Questa nuova stagione porta con se anche due nuovi personaggi: Natalie James, nuova fiamma del nostro riparatore e “damigella in pericolo” (ma anche ultimo collegamento con la defunta moglie  Abby), e Samantha “Sam” Winslow, imprenditrice pronta a tutto per mantenere il potere. Entrambe hanno fondamentalmente lo stesso scopo, ovvero, gettare ancor più terra sulla metaforica tomba morale di Ray che, proprio sul finire della stagione, si lascia completamente andare al suo ruolo di villain.

Una stagione necessaria, a mio avviso, gestita nel migliore dei modi dagli scrittori e che, in un certo senso, rappresenta la chiusura di un percorso per il personaggio interpretato da Liev Schreiber che, tuttavia, si ritrova immerso in un mare di nuove possibilità. Un nuovo cast di comprimari, nuovi scenari e, molto probabilmente, nuove sfide per un Ray Donovan ormai del tutto abbandonato al proprio lato “gangster.”

Per quello che riguarda le interpretazioni, siamo sempre di fronte a delle ottime performance attoriali, sopratutto per quanto riguarda Schreiber e Voight che si riconfermano due forze inarrestabili a cui, nel bene o nel male, gravitano intorno tutti gli altri personaggi.

La parte tecnica è assolutamente di prim’ordine, una regia virtuosa sostenuta da una fotografia studiata, in grado di mettere in evidenza lo stato d’animo del  protagonista con una serie di inquadrature costruite a doc, rendono la serie una “corridoio pieno di quadri appesi” dove ogni singola tela è in grado di raccontarci per interno la storia della serie, una storia fatta di declino e aberrazione morale.

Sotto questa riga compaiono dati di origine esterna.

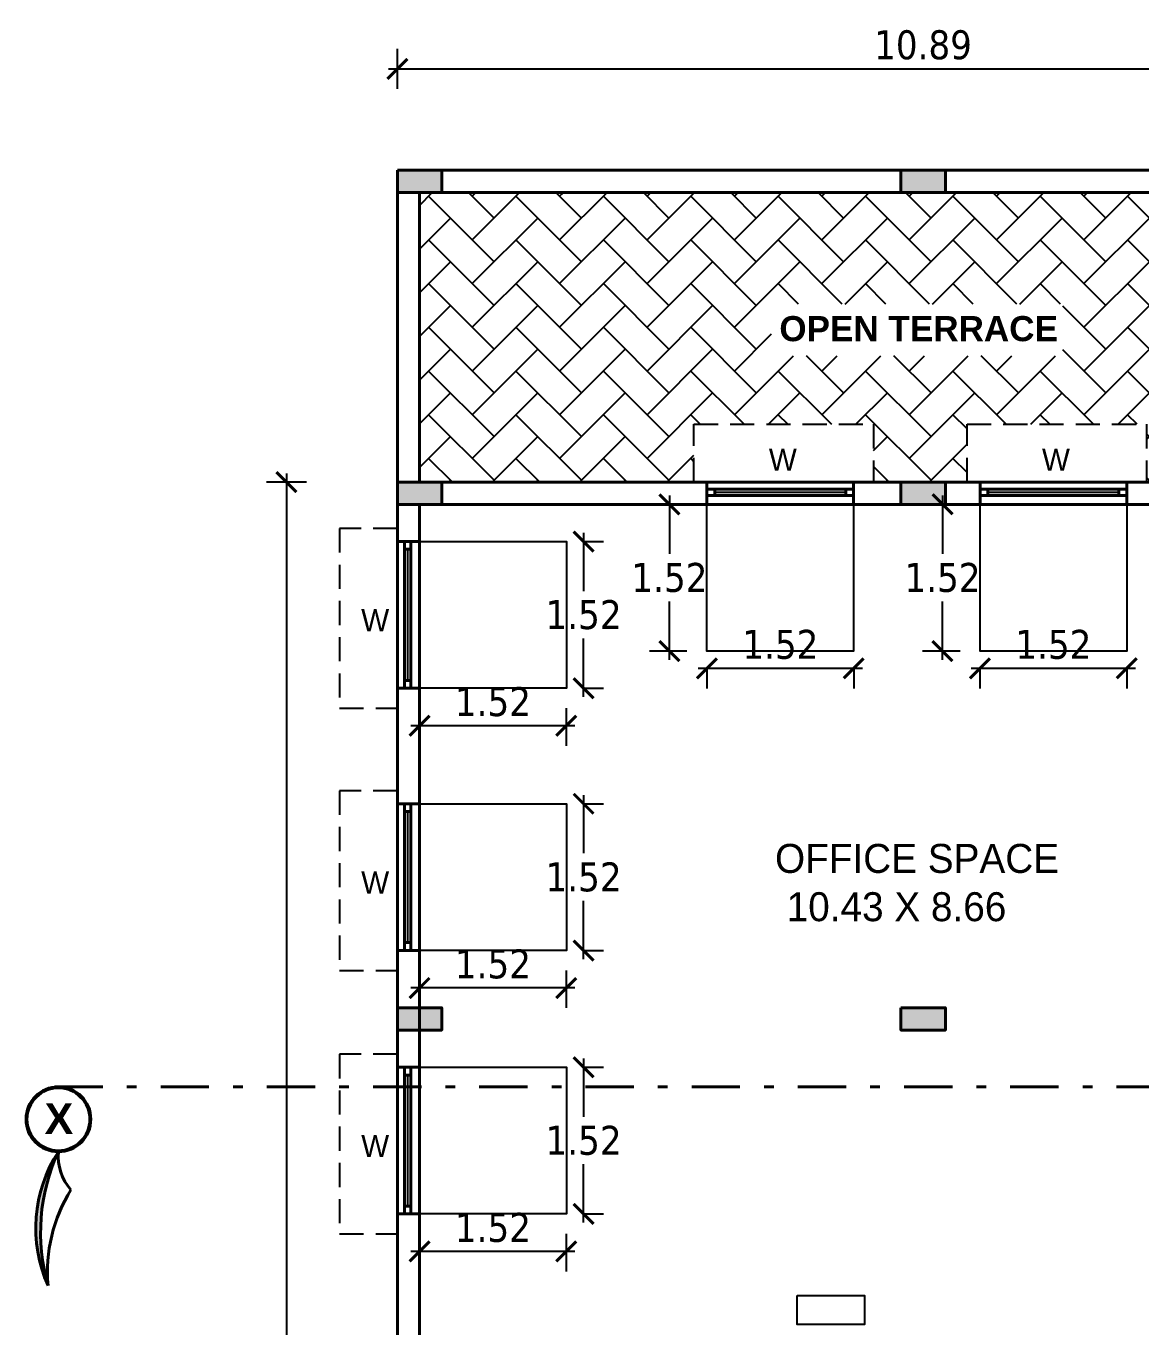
# Model space of a CAD drawing. Header units: metres. Extents: x 2770 to 3790, y -2264 to -643.
# Drawn here: x 3738.86 to 3750.41, y -2250.37 to -2236.9 of the extents above; entities that cross this region are included whole.
import ezdxf

# ---------------------------------------------------------------- set-up
doc = ezdxf.new("R2010")
doc.units = ezdxf.units.M
doc.header["$MEASUREMENT"] = 0
doc.header["$PDMODE"] = 2
doc.linetypes.add('( Hidden )', pattern=[0.375, 0.25, -0.125])
doc.linetypes.add('DASHDOT', pattern=[1, 0.5, -0.25, 0, -0.25])
for name, color, linetype in [('BLK_1_FLR_1_BLT_UP_AREA', 18, 'Continuous'), ('BLK_1_FLR_1_CARPET_AREA', 18, 'Continuous'), ('BLK_1_FLR_1_DRINKING_WATER', 7, 'Continuous'), ('BLK_1_FLR_1_REGULAR_ROOM_1', 2, 'Continuous'), ('BLK_1_FLR_1_ROOM_1_LIGHT_VENTILATION_1', 2, 'Continuous')]:
    doc.layers.add(name, color=color, linetype=linetype)
doc.styles.add('CEN-GOT', font='arialbd.ttf')
doc.styles.add('STYLE1', font='tahoma.ttf', dxfattribs={"height": 0.4})
doc.styles.add('STYLE2', font='tahoma.ttf', dxfattribs={"height": 0.3})
doc.dimstyles.new('STY', dxfattribs={"dimscale": 0.9, "dimtxt": 0.23, "dimasz": 0.18, "dimexe": 0.15, "dimexo": 0.6, "dimgap": 0.1, "dimtad": 1, "dimtih": 1, "dimtoh": 1, "dimzin": 0, "dimdsep": 46, "dimtxsty": 'STYLE1', "dimblk": 'CLOSEDBLANK', "dimcen": 0.09375, "dimdle": 0.1, "dimse1": 1, "dimse2": 1, "dimadec": 0, "dimazin": 0, "dimtfac": 1, "dimtmove": 2, "dimatfit": 2, "dimfxl": 0, "dimtolj": 1, "dimtzin": 0, "dimarcsym": 0})

# ---------------------------------------------------------------- blocks, each defined once
blk = doc.blocks.new('_ArchTick')
at = {"color": 0, "lineweight": 0, "const_width": 0.15}
blk.add_lwpolyline([(-0.5, -0.5), (0.5, 0.5)], dxfattribs=at)
blk = doc.blocks.new('*D352')
at = {"color": 0, "lineweight": -2}
for p, q in [((3741.556, -2241.531), (3741.556, -2250.52)), ((3741.763, -2241.621), (3741.349, -2241.621)), ((3741.556, -2260.001), (3741.556, -2251.013)), ((3741.763, -2259.911), (3741.349, -2259.911))]:
    blk.add_line(p, q, dxfattribs=at)
at = {"layer": 'Defpoints', "color": 0, "linetype": 'ByBlock', "lineweight": -3}
for p in [(3745.009, -2241.621), (3741.556, -2259.911), (3745.009, -2259.911)]:
    blk.add_point(p, dxfattribs=at)
at = {"color": 0, "linetype": 'ByBlock', "lineweight": -2, "xscale": 0.207, "yscale": 0.207, "zscale": 0.207}
for p, rotation in [((3741.556, -2241.621), 90), ((3741.556, -2259.911), 270)]:
    blk.add_blockref('_ArchTick', p, dxfattribs=dict(at, rotation=rotation))
at = {"color": 0, "linetype": 'ByBlock', "lineweight": -3, "insert": (3741.556, -2250.766), "char_height": 0.3, "attachment_point": 5, "style": 'STYLE2'}
blk.add_mtext('\\A1;18.29', dxfattribs=at)
blk = doc.blocks.new('*D353')
at = {"color": 0, "lineweight": -2}
for p, q in [((3742.704, -2237.549), (3742.704, -2237.135)), ((3753.594, -2237.549), (3753.594, -2237.135)), ((3742.614, -2237.342), (3753.684, -2237.342))]:
    blk.add_line(p, q, dxfattribs=at)
at = {"layer": 'Defpoints', "color": 0, "linetype": 'ByBlock', "lineweight": -3}
for p in [(3753.594, -2237.342), (3742.704, -2240.182), (3753.594, -2240.182)]:
    blk.add_point(p, dxfattribs=at)
at = {"color": 0, "linetype": 'ByBlock', "lineweight": -2, "xscale": 0.207, "yscale": 0.207, "zscale": 0.207, "rotation": 180}
blk.add_blockref('_ArchTick', (3742.704, -2237.342), dxfattribs=at)
at = {"color": 0, "linetype": 'ByBlock', "lineweight": -2, "xscale": 0.207, "yscale": 0.207, "zscale": 0.207}
blk.add_blockref('_ArchTick', (3753.594, -2237.342), dxfattribs=at)
at = {"color": 0, "linetype": 'ByBlock', "lineweight": -3, "insert": (3748.149, -2237.095), "char_height": 0.3, "attachment_point": 5, "style": 'STYLE2'}
blk.add_mtext('\\A1;10.89', dxfattribs=at)
blk = doc.blocks.new('*D384')
at = {"layer": 'BLK_1_FLR_1_ROOM_1_LIGHT_VENTILATION_1', "color": 0, "lineweight": -2}
for p, q in [((3744.633, -2247.59), (3744.633, -2248.194)), ((3744.633, -2247.68), (3744.84, -2247.68)), ((3744.633, -2249.29), (3744.633, -2248.686)), ((3744.633, -2249.2), (3744.84, -2249.2))]:
    blk.add_line(p, q, dxfattribs=at)
at = {"layer": 'Defpoints', "color": 0, "linetype": 'ByBlock', "lineweight": -3}
for p in [(3744.454, -2247.68), (3744.454, -2249.2), (3744.633, -2249.2)]:
    blk.add_point(p, dxfattribs=at)
at = {"layer": 'BLK_1_FLR_1_ROOM_1_LIGHT_VENTILATION_1', "color": 0, "linetype": 'ByBlock', "lineweight": -2, "xscale": 0.207, "yscale": 0.207, "zscale": 0.207}
for p, rotation in [((3744.633, -2247.68), 90), ((3744.633, -2249.2), 270)]:
    blk.add_blockref('_ArchTick', p, dxfattribs=dict(at, rotation=rotation))
at = {"layer": 'BLK_1_FLR_1_ROOM_1_LIGHT_VENTILATION_1', "color": 0, "linetype": 'ByBlock', "lineweight": -3, "insert": (3744.633, -2248.44), "char_height": 0.3, "attachment_point": 5, "style": 'STYLE2'}
blk.add_mtext('\\A1;1.52', dxfattribs=at)
blk = doc.blocks.new('*D383')
at = {"layer": 'BLK_1_FLR_1_ROOM_1_LIGHT_VENTILATION_1', "color": 0, "lineweight": -2}
for p, q in [((3742.934, -2249.407), (3742.934, -2249.795)), ((3744.454, -2249.407), (3744.454, -2249.795)), ((3744.544, -2249.588), (3742.844, -2249.588))]:
    blk.add_line(p, q, dxfattribs=at)
at = {"layer": 'Defpoints', "color": 0, "linetype": 'ByBlock', "lineweight": -3}
for p in [(3742.934, -2249.2), (3744.454, -2249.2), (3742.934, -2249.588)]:
    blk.add_point(p, dxfattribs=at)
at = {"layer": 'BLK_1_FLR_1_ROOM_1_LIGHT_VENTILATION_1', "color": 0, "linetype": 'ByBlock', "lineweight": -2, "xscale": 0.207, "yscale": 0.207, "zscale": 0.207, "rotation": 180}
blk.add_blockref('_ArchTick', (3742.934, -2249.588), dxfattribs=at)
at = {"layer": 'BLK_1_FLR_1_ROOM_1_LIGHT_VENTILATION_1', "color": 0, "linetype": 'ByBlock', "lineweight": -2, "xscale": 0.207, "yscale": 0.207, "zscale": 0.207}
blk.add_blockref('_ArchTick', (3744.454, -2249.588), dxfattribs=at)
at = {"layer": 'BLK_1_FLR_1_ROOM_1_LIGHT_VENTILATION_1', "color": 0, "linetype": 'ByBlock', "lineweight": -3, "insert": (3743.694, -2249.342), "char_height": 0.3, "attachment_point": 5, "style": 'STYLE2'}
blk.add_mtext('\\A1;1.52', dxfattribs=at)
blk = doc.blocks.new('*D386')
at = {"layer": 'BLK_1_FLR_1_ROOM_1_LIGHT_VENTILATION_1', "color": 0, "lineweight": -2}
for p, q in [((3744.633, -2244.862), (3744.633, -2245.465)), ((3744.633, -2244.952), (3744.84, -2244.952)), ((3744.633, -2246.562), (3744.633, -2245.958)), ((3744.633, -2246.472), (3744.84, -2246.472))]:
    blk.add_line(p, q, dxfattribs=at)
at = {"layer": 'Defpoints', "color": 0, "linetype": 'ByBlock', "lineweight": -3}
for p in [(3744.454, -2244.952), (3744.454, -2246.472), (3744.633, -2246.472)]:
    blk.add_point(p, dxfattribs=at)
at = {"layer": 'BLK_1_FLR_1_ROOM_1_LIGHT_VENTILATION_1', "color": 0, "linetype": 'ByBlock', "lineweight": -2, "xscale": 0.207, "yscale": 0.207, "zscale": 0.207}
for p, rotation in [((3744.633, -2244.952), 90), ((3744.633, -2246.472), 270)]:
    blk.add_blockref('_ArchTick', p, dxfattribs=dict(at, rotation=rotation))
at = {"layer": 'BLK_1_FLR_1_ROOM_1_LIGHT_VENTILATION_1', "color": 0, "linetype": 'ByBlock', "lineweight": -3, "insert": (3744.633, -2245.712), "char_height": 0.3, "attachment_point": 5, "style": 'STYLE2'}
blk.add_mtext('\\A1;1.52', dxfattribs=at)
blk = doc.blocks.new('*D385')
at = {"layer": 'BLK_1_FLR_1_ROOM_1_LIGHT_VENTILATION_1', "color": 0, "lineweight": -2}
for p, q in [((3742.934, -2246.679), (3742.934, -2247.067)), ((3744.454, -2246.679), (3744.454, -2247.067)), ((3744.544, -2246.86), (3742.844, -2246.86))]:
    blk.add_line(p, q, dxfattribs=at)
at = {"layer": 'Defpoints', "color": 0, "linetype": 'ByBlock', "lineweight": -3}
for p in [(3742.934, -2246.472), (3744.454, -2246.472), (3742.934, -2246.86)]:
    blk.add_point(p, dxfattribs=at)
at = {"layer": 'BLK_1_FLR_1_ROOM_1_LIGHT_VENTILATION_1', "color": 0, "linetype": 'ByBlock', "lineweight": -2, "xscale": 0.207, "yscale": 0.207, "zscale": 0.207, "rotation": 180}
blk.add_blockref('_ArchTick', (3742.934, -2246.86), dxfattribs=at)
at = {"layer": 'BLK_1_FLR_1_ROOM_1_LIGHT_VENTILATION_1', "color": 0, "linetype": 'ByBlock', "lineweight": -2, "xscale": 0.207, "yscale": 0.207, "zscale": 0.207}
blk.add_blockref('_ArchTick', (3744.454, -2246.86), dxfattribs=at)
at = {"layer": 'BLK_1_FLR_1_ROOM_1_LIGHT_VENTILATION_1', "color": 0, "linetype": 'ByBlock', "lineweight": -3, "insert": (3743.694, -2246.613), "char_height": 0.3, "attachment_point": 5, "style": 'STYLE2'}
blk.add_mtext('\\A1;1.52', dxfattribs=at)
blk = doc.blocks.new('*D388')
at = {"layer": 'BLK_1_FLR_1_ROOM_1_LIGHT_VENTILATION_1', "color": 0, "lineweight": -2}
for p, q in [((3744.633, -2242.146), (3744.633, -2242.749)), ((3744.633, -2242.236), (3744.84, -2242.236)), ((3744.633, -2243.846), (3744.633, -2243.242)), ((3744.633, -2243.756), (3744.84, -2243.756))]:
    blk.add_line(p, q, dxfattribs=at)
at = {"layer": 'Defpoints', "color": 0, "linetype": 'ByBlock', "lineweight": -3}
for p in [(3744.454, -2242.236), (3744.454, -2243.756), (3744.633, -2243.756)]:
    blk.add_point(p, dxfattribs=at)
at = {"layer": 'BLK_1_FLR_1_ROOM_1_LIGHT_VENTILATION_1', "color": 0, "linetype": 'ByBlock', "lineweight": -2, "xscale": 0.207, "yscale": 0.207, "zscale": 0.207}
for p, rotation in [((3744.633, -2242.236), 90), ((3744.633, -2243.756), 270)]:
    blk.add_blockref('_ArchTick', p, dxfattribs=dict(at, rotation=rotation))
at = {"layer": 'BLK_1_FLR_1_ROOM_1_LIGHT_VENTILATION_1', "color": 0, "linetype": 'ByBlock', "lineweight": -3, "insert": (3744.633, -2242.996), "char_height": 0.3, "attachment_point": 5, "style": 'STYLE2'}
blk.add_mtext('\\A1;1.52', dxfattribs=at)
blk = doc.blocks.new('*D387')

In definitiva non ricorderò questa stagione di Ray Donovan come la migliore, ma non la ritengo una stagione frustrante e noiosa, anzi, ho trovato giusto dare il tempo a tutti i personaggi di raggiungere quella che sembra, per alcuni, una chiusura e, per altri, un nuovo inizio. Forse non avrei decentralizzato troppo il personaggio di Raymond, cosa che ha decisamente penalizzato il blocco iniziale di episodi, ma non mi pento di dire: sotto con la prossima, perché dalla prossima cambia tutto e, si spera, in meglio.